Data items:
● ● ● ●
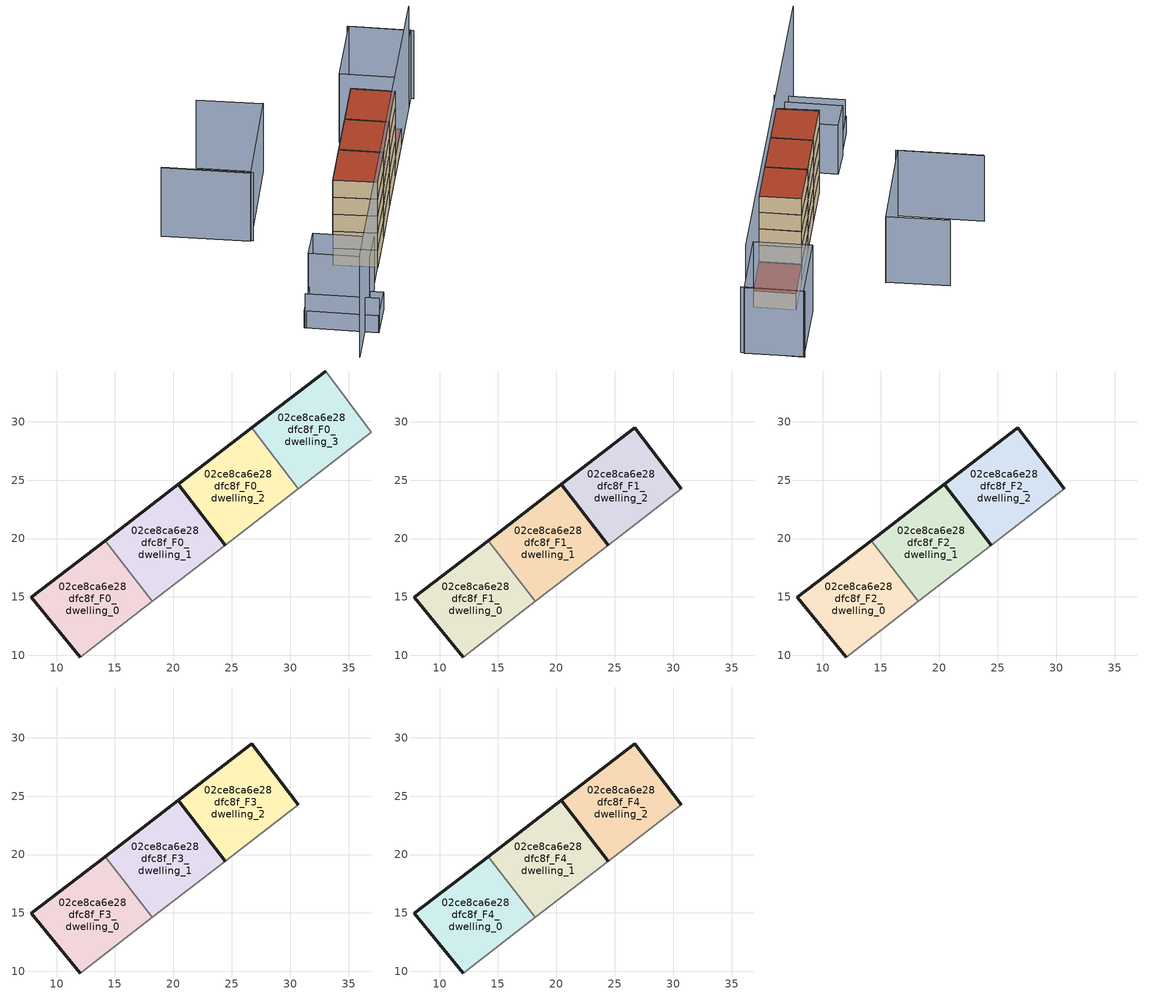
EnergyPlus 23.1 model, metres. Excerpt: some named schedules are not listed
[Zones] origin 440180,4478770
02ce8ca6e28dfc8f_F0_dwelling_0
 floor ground (EU_floor_Construction): 18.18,14.62 14.17,19.83 7.84,14.97 12.02,9.86 z0
 wall outside (EU_wall_Construction): 12.02,9.86 7.84,14.97 14.17,19.83 z0:3
 wall adiabatic (EU_wall_Construction): 18.18,14.62 12.02,9.86 z0:3
 wall to 02ce8ca6e28dfc8f_F0_dwelling_1 (EU_wall_Construction): 14.17,19.83 18.18,14.62 z0:3
02ce8ca6e28dfc8f_F0_dwelling_1
 floor ground (EU_floor_Construction): 24.43,19.45 20.43,24.65 14.17,19.83 18.18,14.62 z0
 wall outside (EU_wall_Construction): 14.17,19.83 20.43,24.65 24.43,19.45 z0:3
 wall adiabatic (EU_wall_Construction): 24.43,19.45 18.18,14.62 z0:3
02ce8ca6e28dfc8f_F0_dwelling_2
 floor ground (EU_floor_Construction): 30.7,24.29 26.71,29.47 20.43,24.65 24.43,19.45 z0
 wall outside (EU_wall_Construction): 24.43,19.45 20.43,24.65 26.71,29.47 z0:3
 wall adiabatic (EU_wall_Construction): 30.7,24.29 24.43,19.45 z0:3
 wall to 02ce8ca6e28dfc8f_F0_dwelling_3 (EU_wall_Construction): 26.71,29.47 30.7,24.29 z0:3
02ce8ca6e28dfc8f_F0_dwelling_3
 floor ground (EU_floor_Construction): 36.94,29.1 33.05,34.35 26.71,29.47 30.7,24.29 z0
 wall outside (EU_wall_Construction): 26.71,29.47 33.05,34.35 z0:3
 wall adiabatic (EU_wall_Construction): 33.05,34.35 36.94,29.1 30.7,24.29 z0:3
 roof outside (EU_roof_Construction): 33.05,34.35 36.94,29.1 30.7,24.29 26.71,29.47 z3
02ce8ca6e28dfc8f_F1_dwelling_0
 floor to 02ce8ca6e28dfc8f_F0_dwelling_0 (EU_floor_Construction): 18.18,14.62 14.17,19.83 7.84,14.97 12.02,9.86 z3
 wall outside (EU_wall_Construction): 12.02,9.86 7.84,14.97 14.17,19.83 z3:6
 wall adiabatic (EU_wall_Construction): 18.18,14.62 12.02,9.86 z3:6
 wall to 02ce8ca6e28dfc8f_F1_dwelling_1 (EU_wall_Construction): 14.17,19.83 18.18,14.62 z3:6
02ce8ca6e28dfc8f_F1_dwelling_1
 floor to 02ce8ca6e28dfc8f_F0_dwelling_1 (EU_floor_Construction): 24.43,19.45 20.43,24.65 14.17,19.83 18.18,14.62 z3
 wall outside (EU_wall_Construction): 14.17,19.83 20.43,24.65 24.43,19.45 z3:6
 wall adiabatic (EU_wall_Construction): 24.43,19.45 18.18,14.62 z3:6
02ce8ca6e28dfc8f_F1_dwelling_2
 floor to 02ce8ca6e28dfc8f_F0_dwelling_2 (EU_floor_Construction): 30.7,24.29 26.71,29.47 20.43,24.65 24.43,19.45 z3
 wall outside (EU_wall_Construction): 24.43,19.45 20.43,24.65 26.71,29.47 30.7,24.29 z3:6
 wall adiabatic (EU_wall_Construction): 30.7,24.29 24.43,19.45 z3:6
02ce8ca6e28dfc8f_F2_dwelling_0
 floor to 02ce8ca6e28dfc8f_F1_dwelling_0 (EU_floor_Construction): 18.18,14.62 14.17,19.83 7.84,14.97 12.02,9.86 z6
 wall outside (EU_wall_Construction): 12.02,9.86 7.84,14.97 14.17,19.83 z6:9
 wall adiabatic (EU_wall_Construction): 18.18,14.62 12.02,9.86 z6:9
 wall to 02ce8ca6e28dfc8f_F2_dwelling_1 (EU_wall_Construction): 14.17,19.83 18.18,14.62 z6:9
02ce8ca6e28dfc8f_F2_dwelling_1
 floor to 02ce8ca6e28dfc8f_F1_dwelling_1 (EU_floor_Construction): 24.43,19.45 20.43,24.65 14.17,19.83 18.18,14.62 z6
 wall outside (EU_wall_Construction): 14.17,19.83 20.43,24.65 24.43,19.45 z6:9
 wall adiabatic (EU_wall_Construction): 24.43,19.45 18.18,14.62 z6:9
02ce8ca6e28dfc8f_F2_dwelling_2
 floor to 02ce8ca6e28dfc8f_F1_dwelling_2 (EU_floor_Construction): 30.7,24.29 26.71,29.47 20.43,24.65 24.43,19.45 z6
 wall outside (EU_wall_Construction): 24.43,19.45 20.43,24.65 26.71,29.47 30.7,24.29 z6:9
 wall adiabatic (EU_wall_Construction): 30.7,24.29 24.43,19.45 z6:9
02ce8ca6e28dfc8f_F3_dwelling_0
 floor to 02ce8ca6e28dfc8f_F2_dwelling_0 (EU_floor_Construction): 18.18,14.62 14.17,19.83 7.84,14.97 12.02,9.86 z9
 wall outside (EU_wall_Construction): 12.02,9.86 7.84,14.97 14.17,19.83 z9:12
 wall adiabatic (EU_wall_Construction): 18.18,14.62 12.02,9.86 z9:12
 wall to 02ce8ca6e28dfc8f_F3_dwelling_1 (EU_wall_Construction): 14.17,19.83 18.18,14.62 z9:12
02ce8ca6e28dfc8f_F3_dwelling_1
 floor to 02ce8ca6e28dfc8f_F2_dwelling_1 (EU_floor_Construction): 24.43,19.45 20.43,24.65 14.17,19.83 18.18,14.62 z9
 wall outside (EU_wall_Construction): 14.17,19.83 20.43,24.65 24.43,19.45 z9:12
 wall adiabatic (EU_wall_Construction): 24.43,19.45 18.18,14.62 z9:12
02ce8ca6e28dfc8f_F3_dwelling_2
 floor to 02ce8ca6e28dfc8f_F2_dwelling_2 (EU_floor_Construction): 30.7,24.29 26.71,29.47 20.43,24.65 24.43,19.45 z9
 wall outside (EU_wall_Construction): 24.43,19.45 20.43,24.65 26.71,29.47 30.7,24.29 z9:12
 wall adiabatic (EU_wall_Construction): 30.7,24.29 24.43,19.45 z9:12
02ce8ca6e28dfc8f_F4_dwelling_0
 floor to 02ce8ca6e28dfc8f_F3_dwelling_0 (EU_floor_Construction): 18.18,14.62 14.17,19.83 7.84,14.97 12.02,9.86 z12
 wall outside (EU_wall_Construction): 12.02,9.86 7.84,14.97 14.17,19.83 z12:15
 wall adiabatic (EU_wall_Construction): 18.18,14.62 12.02,9.86 z12:15
 wall to 02ce8ca6e28dfc8f_F4_dwelling_1 (EU_wall_Construction): 14.17,19.83 18.18,14.62 z12:15
 roof outside (EU_roof_Construction): 14.17,19.83 18.18,14.62 12.02,9.86 7.84,14.97 z15
02ce8ca6e28dfc8f_F4_dwelling_1
 floor to 02ce8ca6e28dfc8f_F3_dwelling_1 (EU_floor_Construction): 24.43,19.45 20.43,24.65 14.17,19.83 18.18,14.62 z12
 wall outside (EU_wall_Construction): 14.17,19.83 20.43,24.65 24.43,19.45 z12:15
 wall adiabatic (EU_wall_Construction): 24.43,19.45 18.18,14.62 z12:15
 roof outside (EU_roof_Construction): 20.43,24.65 24.43,19.45 18.18,14.62 14.17,19.83 z15
02ce8ca6e28dfc8f_F4_dwelling_2
 floor to 02ce8ca6e28dfc8f_F3_dwelling_2 (EU_floor_Construction): 30.7,24.29 26.71,29.47 20.43,24.65 24.43,19.45 z12
 wall outside (EU_wall_Construction): 24.43,19.45 20.43,24.65 26.71,29.47 30.7,24.29 z12:15
 wall adiabatic (EU_wall_Construction): 30.7,24.29 24.43,19.45 z12:15
 roof outside (EU_roof_Construction): 26.71,29.47 30.7,24.29 24.43,19.45 20.43,24.65 z15
shading: -6.43,-4.2 44.69,35.05 z0:18; 3.62,3.38 -1.8,10.6 / -1.8,10.6 2.36,13.72 / 2.36,13.72 7.78,6.5 / 7.78,6.5 3.62,3.38 z0:9; -3.81,38.33 4.38,27.66 / 18.35,39.03 4.1,27.86 / 4.1,27.86 -3.95,38.14 / 46.95,36.16 41.11,43.98 / 18.19,38.89 12.17,46.58 / 46.75,36.63 36.94,29.1 / 36.94,29.1 31.43,36.28 / 31.43,36.28 41.24,43.81 / 41.24,43.81 46.75,36.63 z0:12; -6.45,6.7 0.1,-1.86 z0:6; 0.03,-1.9 -6.55,6.84 / -6.55,6.84 -1.71,10.48 / -1.71,10.48 4.87,1.75 / 4.87,1.75 0.03,-1.9 z0:3
[Building]
EU S2 Campaign: North Axis=0; Terrain=City; Solar Distribution=FullExterior
[Site:Location]
Madrid: Latitude=40.5; Longitude=-3.5; Time Zone=1; Elevation=609
[SizingPeriod:WeatherFileDays]
AnnualSizingPeriod: Begin Month=1; Begin Day of Month=1; End Month=12; End Day of Month=31; Day of Week for Start Day=Monday; Use Weather File Daylight Saving Period=No; Use Weather File Rain and Snow Indicators=No
[MATERIAL]
EU_InternalMass_Material: Roughness=MediumRough; Thickness=0.1; Conductivity=1; Density=1800; Specific Heat=900; Thermal Absorptance=0.9; Solar Absorptance=0.7; Visible Absorptance=0.7
[MATERIAL:NOMASS] Roughness=MediumRough; Thermal Absorptance=0.9; Solar Absorptance=0.7; Visible Absorptance=0.7
Name | Thermal Resistance
EU_wall_NoMass | 1.60022
EU_roof_NoMass | 1.57597
EU_floor_NoMass | 0.470652
[CONSTRUCTION]
EU_wall_Construction: EU_wall_NoMass
EU_roof_Construction: EU_roof_NoMass
EU_floor_Construction: EU_floor_NoMass
EU_InternalMass_Construction: EU_InternalMass_Material
[ZONE] Type=1; Multiplier=1; Ceiling Height=autocalculate; Floor Area=autocalculate; Part of Total Floor Area=Yes
Name | Volume
02ce8ca6e28dfc8f_F0_dwelling_0; 02ce8ca6e28dfc8f_F1_dwelling_0; 02ce8ca6e28dfc8f_F2_dwelling_0; 02ce8ca6e28dfc8f_F3_dwelling_0; 02ce8ca6e28dfc8f_F4_dwelling_0 | 155.72
02ce8ca6e28dfc8f_F0_dwelling_1 | 155.711
02ce8ca6e28dfc8f_F1_dwelling_1; 02ce8ca6e28dfc8f_F2_dwelling_1; 02ce8ca6e28dfc8f_F3_dwelling_1; 02ce8ca6e28dfc8f_F4_dwelling_1 | 155.712
02ce8ca6e28dfc8f_F0_dwelling_2 | 155.722
02ce8ca6e28dfc8f_F1_dwelling_2; 02ce8ca6e28dfc8f_F2_dwelling_2; 02ce8ca6e28dfc8f_F3_dwelling_2; 02ce8ca6e28dfc8f_F4_dwelling_2; 02ce8ca6e28dfc8f_F0_dwelling_3 | 155.721
[INTERNALMASS] Construction=EU_InternalMass_Construction
Name | Zone or ZoneList | Surface Area
02ce8ca6e28dfc8f_F0_dwelling_0_EU_InternalMass | 02ce8ca6e28dfc8f_F0_dwelling_0 | 51.9067
02ce8ca6e28dfc8f_F0_dwelling_1_EU_InternalMass | 02ce8ca6e28dfc8f_F0_dwelling_1 | 51.9038
02ce8ca6e28dfc8f_F0_dwelling_2_EU_InternalMass | 02ce8ca6e28dfc8f_F0_dwelling_2 | 51.9072
02ce8ca6e28dfc8f_F0_dwelling_3_EU_InternalMass | 02ce8ca6e28dfc8f_F0_dwelling_3 | 51.9069
02ce8ca6e28dfc8f_F1_dwelling_0_EU_InternalMass | 02ce8ca6e28dfc8f_F1_dwelling_0 | 69.2155
02ce8ca6e28dfc8f_F1_dwelling_1_EU_InternalMass | 02ce8ca6e28dfc8f_F1_dwelling_1 | 69.2163
02ce8ca6e28dfc8f_F1_dwelling_2_EU_InternalMass | 02ce8ca6e28dfc8f_F1_dwelling_2 | 69.2148
02ce8ca6e28dfc8f_F2_dwelling_0_EU_InternalMass | 02ce8ca6e28dfc8f_F2_dwelling_0 | 69.2155
02ce8ca6e28dfc8f_F2_dwelling_1_EU_InternalMass | 02ce8ca6e28dfc8f_F2_dwelling_1 | 69.2163
02ce8ca6e28dfc8f_F2_dwelling_2_EU_InternalMass | 02ce8ca6e28dfc8f_F2_dwelling_2 | 69.2148
02ce8ca6e28dfc8f_F3_dwelling_0_EU_InternalMass | 02ce8ca6e28dfc8f_F3_dwelling_0 | 69.2155
02ce8ca6e28dfc8f_F3_dwelling_1_EU_InternalMass | 02ce8ca6e28dfc8f_F3_dwelling_1 | 69.2163
02ce8ca6e28dfc8f_F3_dwelling_2_EU_InternalMass | 02ce8ca6e28dfc8f_F3_dwelling_2 | 69.2148
02ce8ca6e28dfc8f_F4_dwelling_0_EU_InternalMass | 02ce8ca6e28dfc8f_F4_dwelling_0 | 69.2155
02ce8ca6e28dfc8f_F4_dwelling_1_EU_InternalMass | 02ce8ca6e28dfc8f_F4_dwelling_1 | 69.2163
02ce8ca6e28dfc8f_F4_dwelling_2_EU_InternalMass | 02ce8ca6e28dfc8f_F4_dwelling_2 | 69.2148
[OTHEREQUIPMENT] Fuel Type=Electricity; Design Level Calculation Method=Watts/Area; Power per Zone Floor Area=1; Fraction Latent=0; Fraction Radiant=0; Fraction Lost=0; Carbon Dioxide Generation Rate=0; EndUse Subcategory=EU_Step8_InternalGains
Name | Zone or ZoneList or Space or SpaceList | Schedule
EU_Step8_InternalGain_02ce8ca6e28dfc8f_F0_dwelling_0_f000 | 02ce8ca6e28dfc8f_F0_dwelling_0 | EU_Step8_GainSchedule_02ce8ca6e28dfc8f_F0_dwelling_0_f000
EU_Step8_InternalGain_02ce8ca6e28dfc8f_F0_dwelling_1_f000 | 02ce8ca6e28dfc8f_F0_dwelling_1 | EU_Step8_GainSchedule_02ce8ca6e28dfc8f_F0_dwelling_1_f000
EU_Step8_InternalGain_02ce8ca6e28dfc8f_F0_dwelling_2_f000 | 02ce8ca6e28dfc8f_F0_dwelling_2 | EU_Step8_GainSchedule_02ce8ca6e28dfc8f_F0_dwelling_2_f000
EU_Step8_InternalGain_02ce8ca6e28dfc8f_F0_dwelling_3_f000 | 02ce8ca6e28dfc8f_F0_dwelling_3 | EU_Step8_GainSchedule_02ce8ca6e28dfc8f_F0_dwelling_3_f000
EU_Step8_InternalGain_02ce8ca6e28dfc8f_F1_dwelling_0_f000 | 02ce8ca6e28dfc8f_F1_dwelling_0 | EU_Step8_GainSchedule_02ce8ca6e28dfc8f_F1_dwelling_0_f000
EU_Step8_InternalGain_02ce8ca6e28dfc8f_F1_dwelling_1_f000 | 02ce8ca6e28dfc8f_F1_dwelling_1 | EU_Step8_GainSchedule_02ce8ca6e28dfc8f_F1_dwelling_1_f000
EU_Step8_InternalGain_02ce8ca6e28dfc8f_F1_dwelling_2_f000 | 02ce8ca6e28dfc8f_F1_dwelling_2 | EU_Step8_GainSchedule_02ce8ca6e28dfc8f_F1_dwelling_2_f000
EU_Step8_InternalGain_02ce8ca6e28dfc8f_F2_dwelling_0_f000 | 02ce8ca6e28dfc8f_F2_dwelling_0 | EU_Step8_GainSchedule_02ce8ca6e28dfc8f_F2_dwelling_0_f000
EU_Step8_InternalGain_02ce8ca6e28dfc8f_F2_dwelling_1_f000 | 02ce8ca6e28dfc8f_F2_dwelling_1 | EU_Step8_GainSchedule_02ce8ca6e28dfc8f_F2_dwelling_1_f000
EU_Step8_InternalGain_02ce8ca6e28dfc8f_F2_dwelling_2_f000 | 02ce8ca6e28dfc8f_F2_dwelling_2 | EU_Step8_GainSchedule_02ce8ca6e28dfc8f_F2_dwelling_2_f000
EU_Step8_InternalGain_02ce8ca6e28dfc8f_F3_dwelling_0_f000 | 02ce8ca6e28dfc8f_F3_dwelling_0 | EU_Step8_GainSchedule_02ce8ca6e28dfc8f_F3_dwelling_0_f000
EU_Step8_InternalGain_02ce8ca6e28dfc8f_F3_dwelling_1_f000 | 02ce8ca6e28dfc8f_F3_dwelling_1 | EU_Step8_GainSchedule_02ce8ca6e28dfc8f_F3_dwelling_1_f000
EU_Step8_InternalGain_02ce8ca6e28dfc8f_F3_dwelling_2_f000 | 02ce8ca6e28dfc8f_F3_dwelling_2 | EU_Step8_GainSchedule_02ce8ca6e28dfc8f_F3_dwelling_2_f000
● ● ● ●
**Task statement**
Please give back an exact copy of the entries above from their first line through the line containing "20.43,24.65 24.43,19.45 z3:6", leaving the pictures aside.

**Your response**
EnergyPlus 23.1 model, metres. Excerpt: some named schedules are not listed
[Zones] origin 440180,4478770
02ce8ca6e28dfc8f_F0_dwelling_0
 floor ground (EU_floor_Construction): 18.18,14.62 14.17,19.83 7.84,14.97 12.02,9.86 z0
 wall outside (EU_wall_Construction): 12.02,9.86 7.84,14.97 14.17,19.83 z0:3
 wall adiabatic (EU_wall_Construction): 18.18,14.62 12.02,9.86 z0:3
 wall to 02ce8ca6e28dfc8f_F0_dwelling_1 (EU_wall_Construction): 14.17,19.83 18.18,14.62 z0:3
02ce8ca6e28dfc8f_F0_dwelling_1
 floor ground (EU_floor_Construction): 24.43,19.45 20.43,24.65 14.17,19.83 18.18,14.62 z0
 wall outside (EU_wall_Construction): 14.17,19.83 20.43,24.65 24.43,19.45 z0:3
 wall adiabatic (EU_wall_Construction): 24.43,19.45 18.18,14.62 z0:3
02ce8ca6e28dfc8f_F0_dwelling_2
 floor ground (EU_floor_Construction): 30.7,24.29 26.71,29.47 20.43,24.65 24.43,19.45 z0
 wall outside (EU_wall_Construction): 24.43,19.45 20.43,24.65 26.71,29.47 z0:3
 wall adiabatic (EU_wall_Construction): 30.7,24.29 24.43,19.45 z0:3
 wall to 02ce8ca6e28dfc8f_F0_dwelling_3 (EU_wall_Construction): 26.71,29.47 30.7,24.29 z0:3
02ce8ca6e28dfc8f_F0_dwelling_3
 floor ground (EU_floor_Construction): 36.94,29.1 33.05,34.35 26.71,29.47 30.7,24.29 z0
 wall outside (EU_wall_Construction): 26.71,29.47 33.05,34.35 z0:3
 wall adiabatic (EU_wall_Construction): 33.05,34.35 36.94,29.1 30.7,24.29 z0:3
 roof outside (EU_roof_Construction): 33.05,34.35 36.94,29.1 30.7,24.29 26.71,29.47 z3
02ce8ca6e28dfc8f_F1_dwelling_0
 floor to 02ce8ca6e28dfc8f_F0_dwelling_0 (EU_floor_Construction): 18.18,14.62 14.17,19.83 7.84,14.97 12.02,9.86 z3
 wall outside (EU_wall_Construction): 12.02,9.86 7.84,14.97 14.17,19.83 z3:6
 wall adiabatic (EU_wall_Construction): 18.18,14.62 12.02,9.86 z3:6
 wall to 02ce8ca6e28dfc8f_F1_dwelling_1 (EU_wall_Construction): 14.17,19.83 18.18,14.62 z3:6
02ce8ca6e28dfc8f_F1_dwelling_1
 floor to 02ce8ca6e28dfc8f_F0_dwelling_1 (EU_floor_Construction): 24.43,19.45 20.43,24.65 14.17,19.83 18.18,14.62 z3
 wall outside (EU_wall_Construction): 14.17,19.83 20.43,24.65 24.43,19.45 z3:6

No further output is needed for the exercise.